Work item =>
Below is a listing. Write out exactly its lines between the one holding "#116=LINE('',#115,#114);" and the one holding "#121=FACE_BOUND('',#120,.T.);", inclusive.

*** Block opens ***

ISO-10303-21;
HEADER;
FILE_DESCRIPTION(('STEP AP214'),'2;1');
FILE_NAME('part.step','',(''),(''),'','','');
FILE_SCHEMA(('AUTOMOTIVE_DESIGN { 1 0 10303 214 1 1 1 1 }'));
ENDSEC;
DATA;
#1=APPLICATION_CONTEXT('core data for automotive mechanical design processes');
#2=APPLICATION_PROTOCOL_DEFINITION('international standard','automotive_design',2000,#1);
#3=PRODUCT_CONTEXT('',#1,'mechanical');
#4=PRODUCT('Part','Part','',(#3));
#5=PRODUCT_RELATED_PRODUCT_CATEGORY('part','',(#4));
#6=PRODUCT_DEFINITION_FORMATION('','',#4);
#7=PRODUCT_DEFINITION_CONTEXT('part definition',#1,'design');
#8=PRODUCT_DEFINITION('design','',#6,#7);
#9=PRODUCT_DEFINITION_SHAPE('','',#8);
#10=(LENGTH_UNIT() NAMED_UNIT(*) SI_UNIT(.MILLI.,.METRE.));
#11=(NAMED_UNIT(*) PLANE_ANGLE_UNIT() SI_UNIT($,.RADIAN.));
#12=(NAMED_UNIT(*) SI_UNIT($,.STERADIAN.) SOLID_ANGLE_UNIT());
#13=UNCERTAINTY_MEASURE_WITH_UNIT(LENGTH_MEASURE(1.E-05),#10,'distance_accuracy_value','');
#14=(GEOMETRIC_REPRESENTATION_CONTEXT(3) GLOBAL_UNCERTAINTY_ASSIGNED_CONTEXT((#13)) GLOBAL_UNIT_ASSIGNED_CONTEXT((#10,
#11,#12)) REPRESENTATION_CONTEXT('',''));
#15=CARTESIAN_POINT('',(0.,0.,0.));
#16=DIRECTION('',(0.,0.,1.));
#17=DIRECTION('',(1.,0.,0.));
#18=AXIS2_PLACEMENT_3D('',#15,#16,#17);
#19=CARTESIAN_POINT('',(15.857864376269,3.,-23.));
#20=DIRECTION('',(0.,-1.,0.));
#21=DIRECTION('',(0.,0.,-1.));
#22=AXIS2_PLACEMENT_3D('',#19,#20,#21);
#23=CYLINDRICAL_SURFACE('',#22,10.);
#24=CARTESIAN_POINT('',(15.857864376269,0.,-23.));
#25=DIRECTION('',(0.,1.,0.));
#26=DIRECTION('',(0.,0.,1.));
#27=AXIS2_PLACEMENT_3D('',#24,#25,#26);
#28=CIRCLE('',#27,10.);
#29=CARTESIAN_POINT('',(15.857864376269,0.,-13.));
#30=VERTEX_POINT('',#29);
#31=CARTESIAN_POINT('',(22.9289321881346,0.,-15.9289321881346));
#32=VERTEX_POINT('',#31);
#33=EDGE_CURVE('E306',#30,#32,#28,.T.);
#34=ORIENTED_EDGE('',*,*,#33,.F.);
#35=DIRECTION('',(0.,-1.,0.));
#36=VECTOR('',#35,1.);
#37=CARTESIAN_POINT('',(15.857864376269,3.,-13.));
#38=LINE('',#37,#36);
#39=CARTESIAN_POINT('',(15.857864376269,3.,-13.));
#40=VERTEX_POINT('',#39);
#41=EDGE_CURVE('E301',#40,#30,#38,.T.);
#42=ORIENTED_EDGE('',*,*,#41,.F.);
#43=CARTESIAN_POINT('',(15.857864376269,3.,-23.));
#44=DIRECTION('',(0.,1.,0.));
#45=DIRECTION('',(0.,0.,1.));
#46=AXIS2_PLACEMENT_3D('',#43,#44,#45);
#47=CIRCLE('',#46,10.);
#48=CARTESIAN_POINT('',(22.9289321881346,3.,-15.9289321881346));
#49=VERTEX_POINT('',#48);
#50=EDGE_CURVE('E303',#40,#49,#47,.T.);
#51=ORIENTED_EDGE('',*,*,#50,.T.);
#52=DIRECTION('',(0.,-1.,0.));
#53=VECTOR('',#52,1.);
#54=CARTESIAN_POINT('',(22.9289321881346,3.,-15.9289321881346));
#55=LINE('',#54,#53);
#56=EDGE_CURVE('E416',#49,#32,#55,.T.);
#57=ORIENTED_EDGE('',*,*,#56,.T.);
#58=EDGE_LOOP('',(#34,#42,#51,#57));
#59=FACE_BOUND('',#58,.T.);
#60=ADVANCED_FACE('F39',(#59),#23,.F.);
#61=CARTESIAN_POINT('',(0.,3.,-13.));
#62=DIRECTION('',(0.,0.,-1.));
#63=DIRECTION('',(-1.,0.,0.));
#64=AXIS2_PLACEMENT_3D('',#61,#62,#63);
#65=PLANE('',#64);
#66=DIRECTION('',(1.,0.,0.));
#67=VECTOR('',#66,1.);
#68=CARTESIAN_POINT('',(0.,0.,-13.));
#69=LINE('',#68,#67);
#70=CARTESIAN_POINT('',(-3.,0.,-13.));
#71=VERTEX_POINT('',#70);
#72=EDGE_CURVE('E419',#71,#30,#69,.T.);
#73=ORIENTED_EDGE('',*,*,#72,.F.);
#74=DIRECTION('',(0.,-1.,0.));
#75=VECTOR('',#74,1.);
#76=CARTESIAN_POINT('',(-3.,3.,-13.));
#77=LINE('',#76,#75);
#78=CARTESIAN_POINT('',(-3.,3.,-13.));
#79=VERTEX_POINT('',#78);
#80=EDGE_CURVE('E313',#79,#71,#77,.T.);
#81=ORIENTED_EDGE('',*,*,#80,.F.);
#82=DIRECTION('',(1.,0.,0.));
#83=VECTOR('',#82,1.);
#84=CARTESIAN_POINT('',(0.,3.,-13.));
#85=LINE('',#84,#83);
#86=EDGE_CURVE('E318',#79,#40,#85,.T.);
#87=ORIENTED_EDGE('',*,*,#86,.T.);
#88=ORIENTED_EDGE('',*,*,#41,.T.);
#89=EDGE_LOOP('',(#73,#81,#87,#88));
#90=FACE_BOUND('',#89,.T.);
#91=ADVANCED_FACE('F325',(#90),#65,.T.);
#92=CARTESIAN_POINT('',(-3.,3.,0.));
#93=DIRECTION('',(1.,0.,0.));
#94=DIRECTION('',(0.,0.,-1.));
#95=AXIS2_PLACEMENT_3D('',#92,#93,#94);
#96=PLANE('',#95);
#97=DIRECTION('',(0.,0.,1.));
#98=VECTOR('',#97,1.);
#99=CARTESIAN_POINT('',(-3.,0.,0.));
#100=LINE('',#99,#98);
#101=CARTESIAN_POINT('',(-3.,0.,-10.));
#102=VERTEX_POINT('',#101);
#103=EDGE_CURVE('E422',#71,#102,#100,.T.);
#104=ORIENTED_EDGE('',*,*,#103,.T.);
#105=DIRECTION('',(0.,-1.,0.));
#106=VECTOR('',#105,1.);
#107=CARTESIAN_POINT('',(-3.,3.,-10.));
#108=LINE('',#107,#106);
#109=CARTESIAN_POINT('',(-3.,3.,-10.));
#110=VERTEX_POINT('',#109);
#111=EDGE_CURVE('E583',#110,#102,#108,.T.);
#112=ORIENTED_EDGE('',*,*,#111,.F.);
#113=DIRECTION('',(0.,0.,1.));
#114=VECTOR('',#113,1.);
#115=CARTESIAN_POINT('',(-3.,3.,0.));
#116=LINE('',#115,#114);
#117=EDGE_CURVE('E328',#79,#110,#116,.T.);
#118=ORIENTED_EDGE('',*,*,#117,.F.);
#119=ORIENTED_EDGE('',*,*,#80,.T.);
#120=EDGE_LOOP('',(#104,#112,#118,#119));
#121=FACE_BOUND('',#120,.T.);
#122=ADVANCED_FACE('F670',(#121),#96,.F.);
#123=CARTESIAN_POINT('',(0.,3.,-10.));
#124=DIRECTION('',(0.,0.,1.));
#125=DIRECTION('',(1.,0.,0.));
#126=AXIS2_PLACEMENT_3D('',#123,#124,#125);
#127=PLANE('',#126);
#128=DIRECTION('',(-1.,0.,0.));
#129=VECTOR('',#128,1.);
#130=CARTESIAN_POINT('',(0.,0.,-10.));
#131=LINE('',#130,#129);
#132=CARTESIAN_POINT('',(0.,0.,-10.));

*** Block closes ***

Solution to this problem =>
#116=LINE('',#115,#114);
#117=EDGE_CURVE('E328',#79,#110,#116,.T.);
#118=ORIENTED_EDGE('',*,*,#117,.F.);
#119=ORIENTED_EDGE('',*,*,#80,.T.);
#120=EDGE_LOOP('',(#104,#112,#118,#119));
#121=FACE_BOUND('',#120,.T.);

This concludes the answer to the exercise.